### WHAT THE TASK REQUIRES
Pull every line that includes the word "construction" from the data.

===============

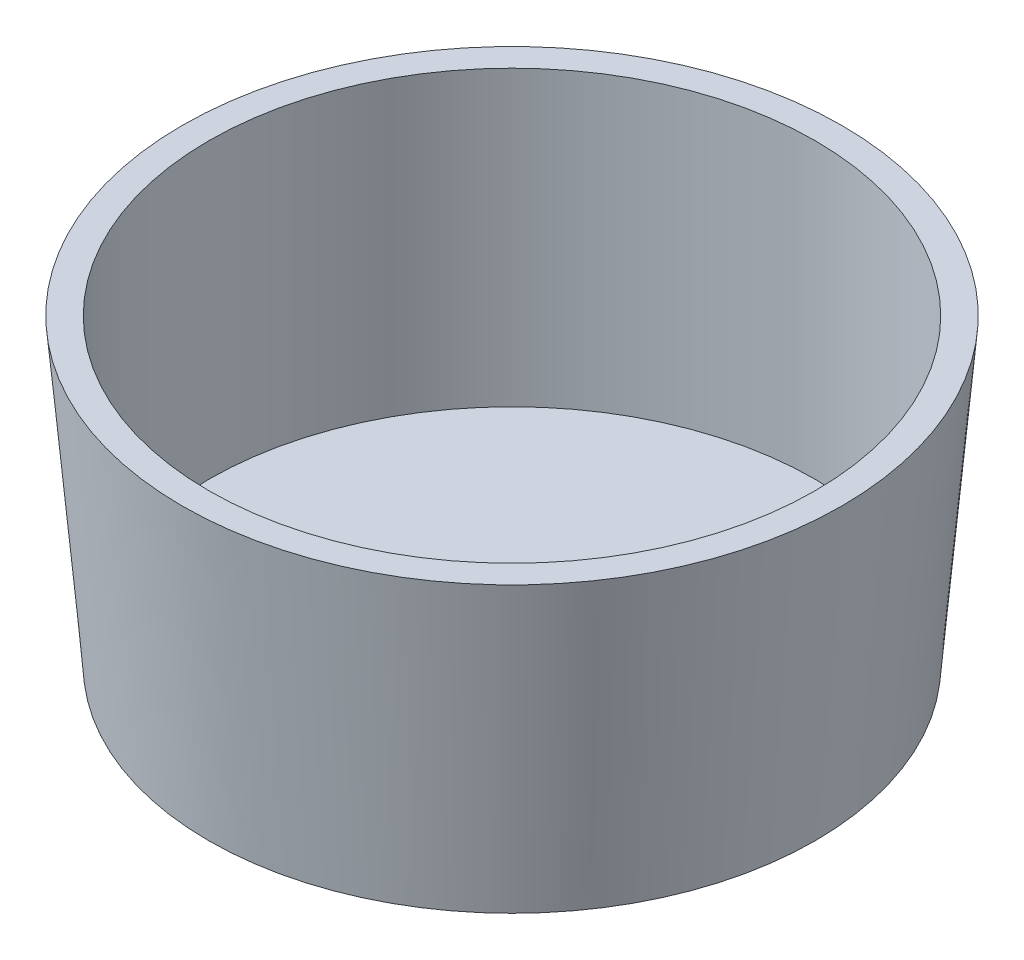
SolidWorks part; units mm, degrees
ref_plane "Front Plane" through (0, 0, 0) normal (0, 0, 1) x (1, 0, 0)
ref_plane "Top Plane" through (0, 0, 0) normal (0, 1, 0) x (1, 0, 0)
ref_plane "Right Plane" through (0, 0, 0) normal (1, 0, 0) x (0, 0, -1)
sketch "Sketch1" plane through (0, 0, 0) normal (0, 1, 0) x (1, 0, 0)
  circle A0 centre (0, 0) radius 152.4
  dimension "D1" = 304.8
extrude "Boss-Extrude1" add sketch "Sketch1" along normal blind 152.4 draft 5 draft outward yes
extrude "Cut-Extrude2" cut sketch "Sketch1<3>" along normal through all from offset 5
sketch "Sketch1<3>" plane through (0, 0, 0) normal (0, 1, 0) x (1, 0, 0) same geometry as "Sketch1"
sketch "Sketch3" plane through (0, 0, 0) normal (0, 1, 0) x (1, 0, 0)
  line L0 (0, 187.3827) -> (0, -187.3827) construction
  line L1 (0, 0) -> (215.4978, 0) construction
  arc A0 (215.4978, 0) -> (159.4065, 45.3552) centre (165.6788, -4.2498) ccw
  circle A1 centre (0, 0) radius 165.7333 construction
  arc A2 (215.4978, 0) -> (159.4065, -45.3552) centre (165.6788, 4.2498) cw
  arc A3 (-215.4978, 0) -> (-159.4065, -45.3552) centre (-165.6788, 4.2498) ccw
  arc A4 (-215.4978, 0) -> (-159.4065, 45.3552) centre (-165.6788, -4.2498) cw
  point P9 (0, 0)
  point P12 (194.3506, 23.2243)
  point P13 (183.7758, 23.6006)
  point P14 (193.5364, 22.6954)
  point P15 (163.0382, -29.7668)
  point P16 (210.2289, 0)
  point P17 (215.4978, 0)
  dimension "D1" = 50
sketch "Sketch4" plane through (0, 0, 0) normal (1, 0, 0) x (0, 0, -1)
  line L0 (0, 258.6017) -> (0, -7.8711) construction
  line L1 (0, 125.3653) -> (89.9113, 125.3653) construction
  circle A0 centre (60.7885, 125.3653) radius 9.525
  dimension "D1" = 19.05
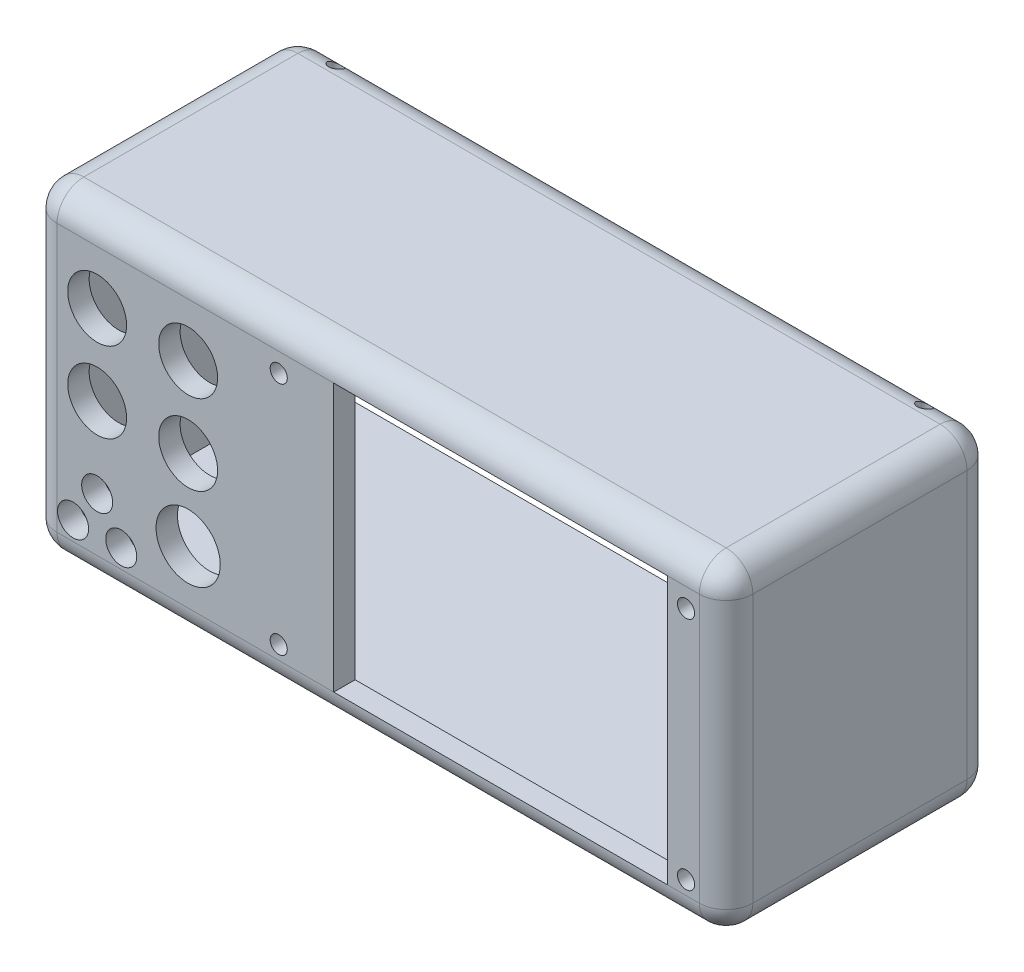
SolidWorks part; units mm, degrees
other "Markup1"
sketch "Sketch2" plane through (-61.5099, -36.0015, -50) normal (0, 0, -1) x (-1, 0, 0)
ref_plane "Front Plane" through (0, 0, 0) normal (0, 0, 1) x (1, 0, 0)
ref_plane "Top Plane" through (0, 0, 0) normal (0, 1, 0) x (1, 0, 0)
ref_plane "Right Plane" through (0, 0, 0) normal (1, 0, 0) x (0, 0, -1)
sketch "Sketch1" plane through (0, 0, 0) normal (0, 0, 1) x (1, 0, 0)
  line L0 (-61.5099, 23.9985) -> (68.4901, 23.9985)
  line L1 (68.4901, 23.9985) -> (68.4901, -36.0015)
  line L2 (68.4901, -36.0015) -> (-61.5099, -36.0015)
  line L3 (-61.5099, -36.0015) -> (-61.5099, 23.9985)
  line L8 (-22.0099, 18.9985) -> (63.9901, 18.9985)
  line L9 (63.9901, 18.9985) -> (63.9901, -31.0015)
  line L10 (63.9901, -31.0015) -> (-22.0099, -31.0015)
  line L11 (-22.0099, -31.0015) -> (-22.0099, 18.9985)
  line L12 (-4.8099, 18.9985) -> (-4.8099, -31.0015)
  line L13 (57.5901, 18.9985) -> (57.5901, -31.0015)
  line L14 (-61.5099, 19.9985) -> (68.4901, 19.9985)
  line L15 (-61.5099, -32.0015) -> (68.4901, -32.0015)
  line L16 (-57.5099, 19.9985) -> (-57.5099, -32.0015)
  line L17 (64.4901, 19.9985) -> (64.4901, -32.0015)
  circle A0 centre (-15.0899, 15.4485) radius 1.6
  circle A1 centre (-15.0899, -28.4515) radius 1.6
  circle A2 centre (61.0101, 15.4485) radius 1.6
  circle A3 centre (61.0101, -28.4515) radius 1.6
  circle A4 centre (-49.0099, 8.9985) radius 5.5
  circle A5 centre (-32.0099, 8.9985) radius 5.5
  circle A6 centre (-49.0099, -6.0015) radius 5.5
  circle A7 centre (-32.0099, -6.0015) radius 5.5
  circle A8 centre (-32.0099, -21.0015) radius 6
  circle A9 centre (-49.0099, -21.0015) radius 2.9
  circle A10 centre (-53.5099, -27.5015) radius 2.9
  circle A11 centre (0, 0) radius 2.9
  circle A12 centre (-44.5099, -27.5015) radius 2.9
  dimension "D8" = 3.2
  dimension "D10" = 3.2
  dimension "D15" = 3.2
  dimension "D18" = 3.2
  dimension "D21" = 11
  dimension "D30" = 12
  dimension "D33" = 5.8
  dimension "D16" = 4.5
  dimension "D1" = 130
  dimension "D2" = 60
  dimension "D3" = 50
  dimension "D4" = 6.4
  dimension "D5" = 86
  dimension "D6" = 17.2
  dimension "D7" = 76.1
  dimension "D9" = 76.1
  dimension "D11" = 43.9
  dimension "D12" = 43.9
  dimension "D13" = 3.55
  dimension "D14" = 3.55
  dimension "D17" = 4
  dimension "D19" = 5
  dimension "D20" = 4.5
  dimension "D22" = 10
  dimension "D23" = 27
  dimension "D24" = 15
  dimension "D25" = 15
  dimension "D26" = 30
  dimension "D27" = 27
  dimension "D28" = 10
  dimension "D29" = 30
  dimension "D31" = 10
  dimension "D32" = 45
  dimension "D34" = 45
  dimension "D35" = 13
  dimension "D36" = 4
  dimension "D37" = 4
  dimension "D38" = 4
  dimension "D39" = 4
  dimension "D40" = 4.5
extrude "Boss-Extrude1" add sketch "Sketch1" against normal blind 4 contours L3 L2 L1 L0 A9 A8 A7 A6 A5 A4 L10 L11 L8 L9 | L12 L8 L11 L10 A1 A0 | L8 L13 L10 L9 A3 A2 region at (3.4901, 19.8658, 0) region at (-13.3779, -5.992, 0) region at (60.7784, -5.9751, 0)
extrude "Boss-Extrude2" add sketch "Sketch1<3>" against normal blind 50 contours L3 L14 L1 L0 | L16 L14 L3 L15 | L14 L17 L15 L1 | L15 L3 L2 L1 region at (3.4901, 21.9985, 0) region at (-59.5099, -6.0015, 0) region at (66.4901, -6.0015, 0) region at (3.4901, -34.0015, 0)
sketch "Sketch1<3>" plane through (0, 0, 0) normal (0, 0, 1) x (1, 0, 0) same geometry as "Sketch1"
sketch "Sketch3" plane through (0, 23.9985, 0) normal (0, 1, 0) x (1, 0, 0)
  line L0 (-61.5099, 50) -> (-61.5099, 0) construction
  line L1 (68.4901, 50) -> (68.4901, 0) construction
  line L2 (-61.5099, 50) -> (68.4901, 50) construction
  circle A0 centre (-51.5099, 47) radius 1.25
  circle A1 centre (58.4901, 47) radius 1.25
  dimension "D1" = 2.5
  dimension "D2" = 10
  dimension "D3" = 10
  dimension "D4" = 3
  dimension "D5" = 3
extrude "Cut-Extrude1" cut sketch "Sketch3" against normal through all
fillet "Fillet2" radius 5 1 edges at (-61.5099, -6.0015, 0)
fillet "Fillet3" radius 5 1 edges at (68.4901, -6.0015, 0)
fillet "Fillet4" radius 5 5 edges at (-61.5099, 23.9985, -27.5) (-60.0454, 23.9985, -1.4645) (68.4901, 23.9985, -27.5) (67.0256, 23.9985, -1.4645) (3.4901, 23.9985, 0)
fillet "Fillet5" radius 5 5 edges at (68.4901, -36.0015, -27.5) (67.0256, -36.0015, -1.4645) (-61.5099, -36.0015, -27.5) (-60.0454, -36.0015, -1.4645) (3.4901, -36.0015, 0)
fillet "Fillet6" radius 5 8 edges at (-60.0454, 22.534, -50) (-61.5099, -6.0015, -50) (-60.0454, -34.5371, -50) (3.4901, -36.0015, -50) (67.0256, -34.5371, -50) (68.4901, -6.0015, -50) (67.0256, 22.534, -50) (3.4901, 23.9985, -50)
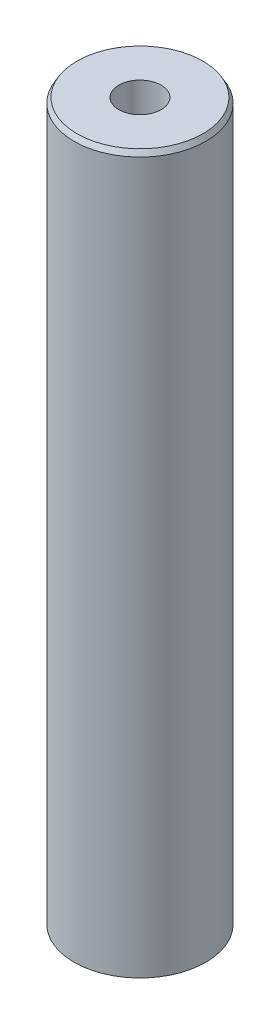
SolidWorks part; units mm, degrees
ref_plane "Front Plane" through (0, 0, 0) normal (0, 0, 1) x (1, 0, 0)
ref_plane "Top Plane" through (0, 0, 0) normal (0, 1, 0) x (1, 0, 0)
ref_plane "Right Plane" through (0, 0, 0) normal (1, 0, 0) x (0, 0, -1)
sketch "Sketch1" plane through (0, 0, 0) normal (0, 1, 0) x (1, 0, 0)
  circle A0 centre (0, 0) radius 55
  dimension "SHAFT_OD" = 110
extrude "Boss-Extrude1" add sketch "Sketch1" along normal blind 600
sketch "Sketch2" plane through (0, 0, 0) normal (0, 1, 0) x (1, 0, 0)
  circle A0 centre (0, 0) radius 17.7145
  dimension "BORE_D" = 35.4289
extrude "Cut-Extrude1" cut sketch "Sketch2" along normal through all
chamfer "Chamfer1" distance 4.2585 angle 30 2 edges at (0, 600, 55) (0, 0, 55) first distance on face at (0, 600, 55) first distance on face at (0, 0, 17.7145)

===============

### WRITTEN SOLUTION
  line L0 (0, 187.3827) -> (0, -187.3827) construction
  line L1 (0, 0) -> (215.4978, 0) construction
  circle A1 centre (0, 0) radius 165.7333 construction
  line L0 (0, 258.6017) -> (0, -7.8711) construction
  line L1 (0, 125.3653) -> (89.9113, 125.3653) construction
  line L0 (-61.5099, 50) -> (-61.5099, 0) construction
  line L1 (68.4901, 50) -> (68.4901, 0) construction
  line L2 (-61.5099, 50) -> (68.4901, 50) construction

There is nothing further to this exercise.